- **TO DO**: "points" is the word to look for; copy each line of the listing where it occurs.

>>>>>

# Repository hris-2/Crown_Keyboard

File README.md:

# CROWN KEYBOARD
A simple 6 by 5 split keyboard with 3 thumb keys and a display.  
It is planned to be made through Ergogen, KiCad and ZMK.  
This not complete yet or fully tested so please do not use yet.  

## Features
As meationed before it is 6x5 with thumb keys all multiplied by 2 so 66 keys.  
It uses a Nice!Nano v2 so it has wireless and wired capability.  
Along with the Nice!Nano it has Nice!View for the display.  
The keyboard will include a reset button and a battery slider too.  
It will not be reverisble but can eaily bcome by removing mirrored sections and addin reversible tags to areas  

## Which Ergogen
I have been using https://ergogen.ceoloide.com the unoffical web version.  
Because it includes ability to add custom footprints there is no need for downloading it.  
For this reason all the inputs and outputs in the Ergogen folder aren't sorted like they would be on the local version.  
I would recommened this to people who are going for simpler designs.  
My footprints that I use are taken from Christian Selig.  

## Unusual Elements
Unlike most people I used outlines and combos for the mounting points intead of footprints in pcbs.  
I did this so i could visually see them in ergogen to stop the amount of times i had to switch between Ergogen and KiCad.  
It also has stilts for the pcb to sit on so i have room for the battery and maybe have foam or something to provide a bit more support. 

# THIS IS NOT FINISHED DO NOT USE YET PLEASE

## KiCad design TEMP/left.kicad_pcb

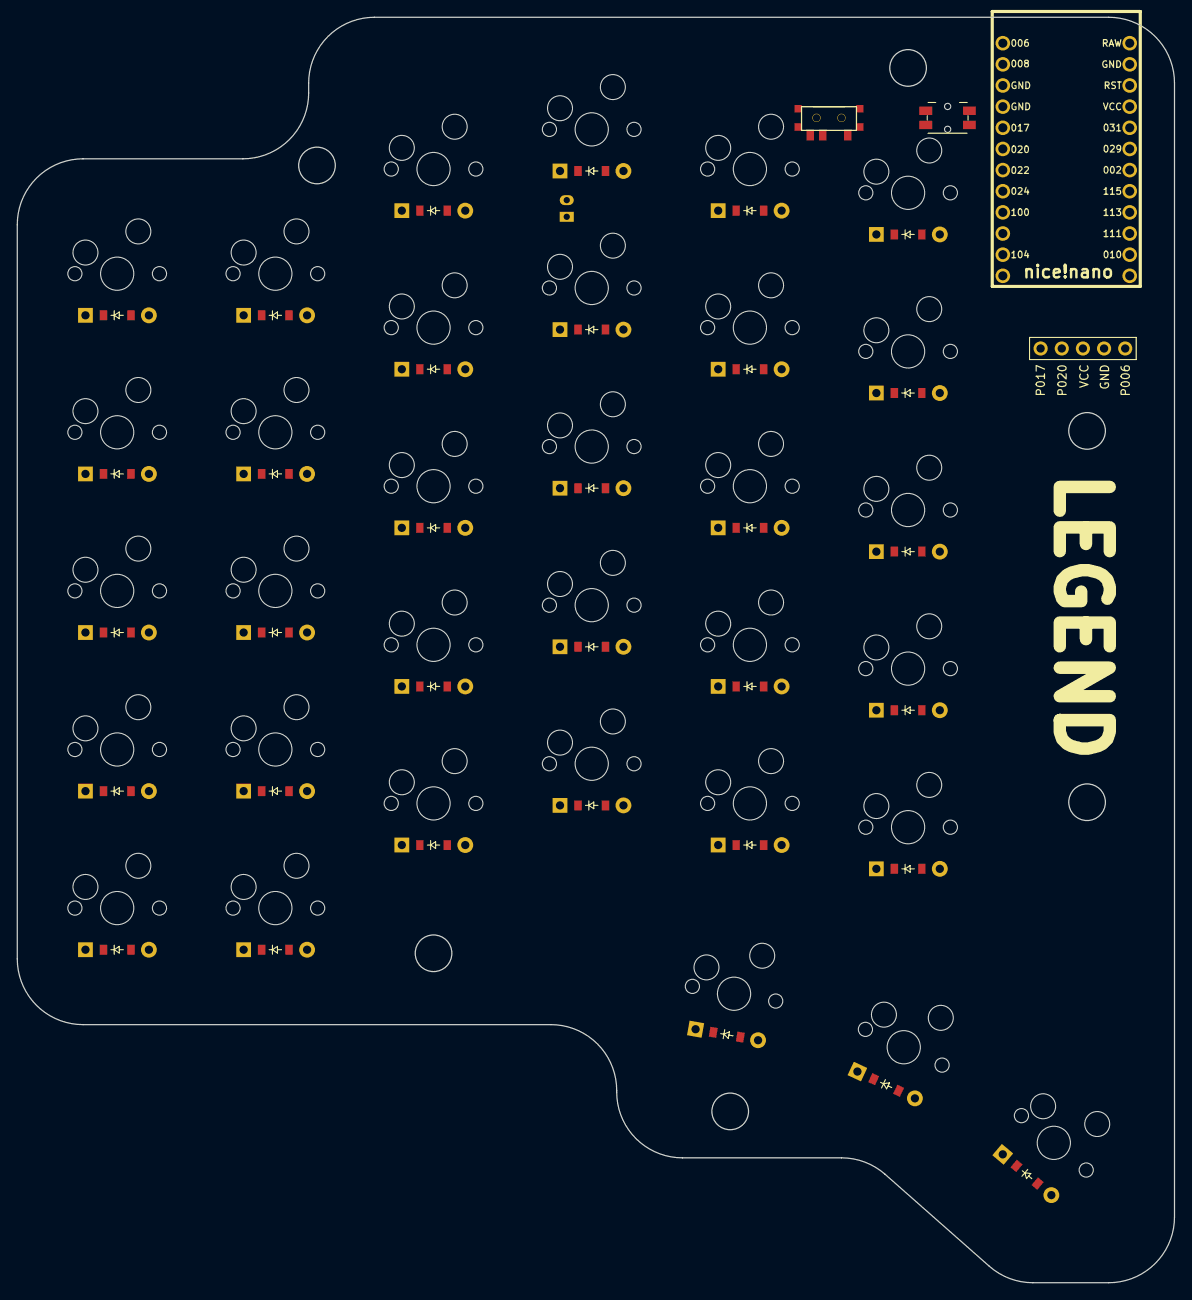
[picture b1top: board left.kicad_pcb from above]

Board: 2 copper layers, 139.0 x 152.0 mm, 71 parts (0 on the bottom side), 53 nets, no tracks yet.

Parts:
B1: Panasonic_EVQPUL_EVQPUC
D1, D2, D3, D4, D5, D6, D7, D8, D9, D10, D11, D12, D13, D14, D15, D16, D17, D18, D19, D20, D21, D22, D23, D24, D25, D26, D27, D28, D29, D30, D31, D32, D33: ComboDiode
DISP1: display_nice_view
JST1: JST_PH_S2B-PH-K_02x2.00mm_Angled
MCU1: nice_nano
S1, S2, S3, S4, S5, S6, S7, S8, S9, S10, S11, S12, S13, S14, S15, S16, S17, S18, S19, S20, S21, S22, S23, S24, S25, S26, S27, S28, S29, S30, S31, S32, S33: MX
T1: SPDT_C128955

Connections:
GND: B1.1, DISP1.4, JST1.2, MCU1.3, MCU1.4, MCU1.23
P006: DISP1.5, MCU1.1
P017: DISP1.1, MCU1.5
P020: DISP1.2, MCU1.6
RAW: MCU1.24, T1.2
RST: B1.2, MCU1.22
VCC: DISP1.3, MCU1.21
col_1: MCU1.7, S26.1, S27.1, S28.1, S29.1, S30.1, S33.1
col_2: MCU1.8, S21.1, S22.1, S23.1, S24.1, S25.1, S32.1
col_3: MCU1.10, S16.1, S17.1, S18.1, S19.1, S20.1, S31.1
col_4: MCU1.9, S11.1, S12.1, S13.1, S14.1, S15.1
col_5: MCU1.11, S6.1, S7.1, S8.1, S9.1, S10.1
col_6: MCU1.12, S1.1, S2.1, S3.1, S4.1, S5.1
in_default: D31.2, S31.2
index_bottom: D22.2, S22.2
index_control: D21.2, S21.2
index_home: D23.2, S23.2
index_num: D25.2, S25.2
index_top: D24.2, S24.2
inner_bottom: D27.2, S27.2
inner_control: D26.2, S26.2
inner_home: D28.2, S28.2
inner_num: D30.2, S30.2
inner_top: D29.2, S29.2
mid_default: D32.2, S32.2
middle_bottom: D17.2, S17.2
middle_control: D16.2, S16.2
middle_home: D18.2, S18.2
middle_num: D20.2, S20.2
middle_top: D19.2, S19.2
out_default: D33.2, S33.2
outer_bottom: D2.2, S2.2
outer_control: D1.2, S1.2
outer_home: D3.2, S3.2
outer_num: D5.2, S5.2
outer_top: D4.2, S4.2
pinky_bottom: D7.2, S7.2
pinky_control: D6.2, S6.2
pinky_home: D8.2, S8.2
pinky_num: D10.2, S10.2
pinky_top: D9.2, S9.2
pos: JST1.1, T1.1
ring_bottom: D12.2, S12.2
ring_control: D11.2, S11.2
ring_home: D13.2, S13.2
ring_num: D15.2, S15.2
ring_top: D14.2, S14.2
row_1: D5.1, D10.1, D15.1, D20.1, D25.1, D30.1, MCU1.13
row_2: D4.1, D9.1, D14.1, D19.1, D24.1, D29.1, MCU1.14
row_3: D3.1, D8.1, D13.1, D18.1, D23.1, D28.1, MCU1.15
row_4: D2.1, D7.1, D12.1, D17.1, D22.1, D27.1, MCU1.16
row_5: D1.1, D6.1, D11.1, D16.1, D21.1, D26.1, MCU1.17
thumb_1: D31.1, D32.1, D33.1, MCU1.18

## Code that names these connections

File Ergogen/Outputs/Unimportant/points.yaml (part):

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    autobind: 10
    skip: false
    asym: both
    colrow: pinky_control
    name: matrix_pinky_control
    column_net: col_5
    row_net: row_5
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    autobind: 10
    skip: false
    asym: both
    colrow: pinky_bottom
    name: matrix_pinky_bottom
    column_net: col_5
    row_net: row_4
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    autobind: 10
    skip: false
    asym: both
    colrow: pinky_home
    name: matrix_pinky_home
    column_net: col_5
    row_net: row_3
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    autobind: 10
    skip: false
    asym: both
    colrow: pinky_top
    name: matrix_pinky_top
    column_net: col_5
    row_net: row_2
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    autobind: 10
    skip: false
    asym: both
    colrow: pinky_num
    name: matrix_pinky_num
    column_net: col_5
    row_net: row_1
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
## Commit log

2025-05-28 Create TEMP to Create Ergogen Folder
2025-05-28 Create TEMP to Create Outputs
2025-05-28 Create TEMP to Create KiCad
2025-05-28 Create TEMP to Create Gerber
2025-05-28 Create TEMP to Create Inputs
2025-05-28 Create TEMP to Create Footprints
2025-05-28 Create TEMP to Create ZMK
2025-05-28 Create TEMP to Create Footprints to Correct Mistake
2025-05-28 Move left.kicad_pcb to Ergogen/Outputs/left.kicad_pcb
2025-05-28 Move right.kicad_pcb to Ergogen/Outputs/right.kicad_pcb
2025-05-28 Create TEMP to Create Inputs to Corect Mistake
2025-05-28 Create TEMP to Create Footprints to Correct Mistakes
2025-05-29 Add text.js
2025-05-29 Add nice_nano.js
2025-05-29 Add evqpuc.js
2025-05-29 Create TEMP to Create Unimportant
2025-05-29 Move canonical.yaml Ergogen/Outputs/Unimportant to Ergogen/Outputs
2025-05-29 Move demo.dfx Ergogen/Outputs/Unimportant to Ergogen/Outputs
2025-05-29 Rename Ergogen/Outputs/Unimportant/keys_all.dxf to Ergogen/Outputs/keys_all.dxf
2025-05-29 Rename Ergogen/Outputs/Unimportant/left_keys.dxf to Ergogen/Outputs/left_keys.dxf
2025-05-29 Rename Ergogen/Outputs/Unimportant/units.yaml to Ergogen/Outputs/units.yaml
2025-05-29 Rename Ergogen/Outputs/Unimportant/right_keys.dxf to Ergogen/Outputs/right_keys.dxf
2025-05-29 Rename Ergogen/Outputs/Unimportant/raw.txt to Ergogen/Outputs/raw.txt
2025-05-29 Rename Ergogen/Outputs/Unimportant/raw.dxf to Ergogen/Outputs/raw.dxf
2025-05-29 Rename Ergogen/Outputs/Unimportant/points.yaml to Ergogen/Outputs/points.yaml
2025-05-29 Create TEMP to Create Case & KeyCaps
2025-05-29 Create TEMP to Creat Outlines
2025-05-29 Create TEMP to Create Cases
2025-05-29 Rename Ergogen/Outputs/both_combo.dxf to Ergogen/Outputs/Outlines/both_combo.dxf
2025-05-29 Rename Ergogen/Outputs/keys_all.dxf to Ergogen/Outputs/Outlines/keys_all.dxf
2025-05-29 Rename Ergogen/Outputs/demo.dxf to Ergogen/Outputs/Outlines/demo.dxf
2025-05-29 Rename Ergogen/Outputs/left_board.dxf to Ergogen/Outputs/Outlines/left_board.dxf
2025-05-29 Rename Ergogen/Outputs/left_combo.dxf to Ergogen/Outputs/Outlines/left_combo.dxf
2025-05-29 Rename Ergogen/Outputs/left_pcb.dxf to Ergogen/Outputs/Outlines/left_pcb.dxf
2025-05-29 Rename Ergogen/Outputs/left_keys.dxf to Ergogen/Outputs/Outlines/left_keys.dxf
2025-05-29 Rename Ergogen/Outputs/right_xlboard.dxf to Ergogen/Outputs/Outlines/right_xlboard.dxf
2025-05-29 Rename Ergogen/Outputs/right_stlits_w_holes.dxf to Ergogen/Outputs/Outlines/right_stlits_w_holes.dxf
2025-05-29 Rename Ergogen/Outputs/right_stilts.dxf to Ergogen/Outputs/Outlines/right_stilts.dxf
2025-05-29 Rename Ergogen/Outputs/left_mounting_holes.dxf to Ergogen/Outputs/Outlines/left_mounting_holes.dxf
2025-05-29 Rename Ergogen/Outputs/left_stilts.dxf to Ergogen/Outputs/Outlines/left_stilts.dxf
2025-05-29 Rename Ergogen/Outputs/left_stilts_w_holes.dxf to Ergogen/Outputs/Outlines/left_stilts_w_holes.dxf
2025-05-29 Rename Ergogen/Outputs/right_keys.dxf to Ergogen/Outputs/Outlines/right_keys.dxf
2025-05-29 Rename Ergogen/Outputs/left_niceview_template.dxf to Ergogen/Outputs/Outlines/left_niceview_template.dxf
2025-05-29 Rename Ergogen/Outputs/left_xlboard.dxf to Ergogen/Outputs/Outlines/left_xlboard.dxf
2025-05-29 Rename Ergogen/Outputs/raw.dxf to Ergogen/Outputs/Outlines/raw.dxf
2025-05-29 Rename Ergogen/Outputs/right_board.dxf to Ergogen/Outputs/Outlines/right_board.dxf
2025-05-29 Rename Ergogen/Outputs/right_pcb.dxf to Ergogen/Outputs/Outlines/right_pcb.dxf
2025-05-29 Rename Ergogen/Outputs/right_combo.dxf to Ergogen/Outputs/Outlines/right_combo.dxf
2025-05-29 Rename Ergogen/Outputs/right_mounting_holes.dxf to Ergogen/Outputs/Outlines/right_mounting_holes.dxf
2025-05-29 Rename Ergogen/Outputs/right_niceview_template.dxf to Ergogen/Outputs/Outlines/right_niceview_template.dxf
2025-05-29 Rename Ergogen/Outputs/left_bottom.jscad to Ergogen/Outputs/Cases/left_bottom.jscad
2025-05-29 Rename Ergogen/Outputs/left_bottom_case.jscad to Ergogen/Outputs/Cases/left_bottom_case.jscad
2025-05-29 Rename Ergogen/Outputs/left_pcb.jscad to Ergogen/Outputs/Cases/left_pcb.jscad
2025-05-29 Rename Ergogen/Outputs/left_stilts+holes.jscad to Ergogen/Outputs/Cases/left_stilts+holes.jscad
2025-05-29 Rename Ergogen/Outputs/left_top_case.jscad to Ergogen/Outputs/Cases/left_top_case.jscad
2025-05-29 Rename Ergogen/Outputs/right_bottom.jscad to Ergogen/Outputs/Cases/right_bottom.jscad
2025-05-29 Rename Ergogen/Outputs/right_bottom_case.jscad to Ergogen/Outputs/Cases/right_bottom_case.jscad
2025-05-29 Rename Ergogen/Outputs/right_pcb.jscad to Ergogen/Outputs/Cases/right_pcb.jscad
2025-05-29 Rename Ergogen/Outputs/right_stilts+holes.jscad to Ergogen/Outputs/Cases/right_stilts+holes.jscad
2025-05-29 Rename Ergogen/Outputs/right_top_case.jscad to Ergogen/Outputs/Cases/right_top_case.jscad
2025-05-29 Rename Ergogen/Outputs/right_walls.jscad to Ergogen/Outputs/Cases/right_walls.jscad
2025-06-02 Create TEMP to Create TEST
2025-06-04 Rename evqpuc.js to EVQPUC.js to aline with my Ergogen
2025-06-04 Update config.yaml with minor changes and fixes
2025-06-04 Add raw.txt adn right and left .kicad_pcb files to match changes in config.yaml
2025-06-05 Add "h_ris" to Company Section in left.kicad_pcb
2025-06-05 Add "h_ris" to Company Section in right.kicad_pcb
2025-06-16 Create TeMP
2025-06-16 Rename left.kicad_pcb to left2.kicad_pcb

<<<<<

- **SOLUTION TO THE EXERCISE**:
Unlike most people I used outlines and combos for the mounting points intead of footprints in pcbs.  
File Ergogen/Outputs/Unimportant/points.yaml (part):
2025-05-29 Rename Ergogen/Outputs/Unimportant/points.yaml to Ergogen/Outputs/points.yaml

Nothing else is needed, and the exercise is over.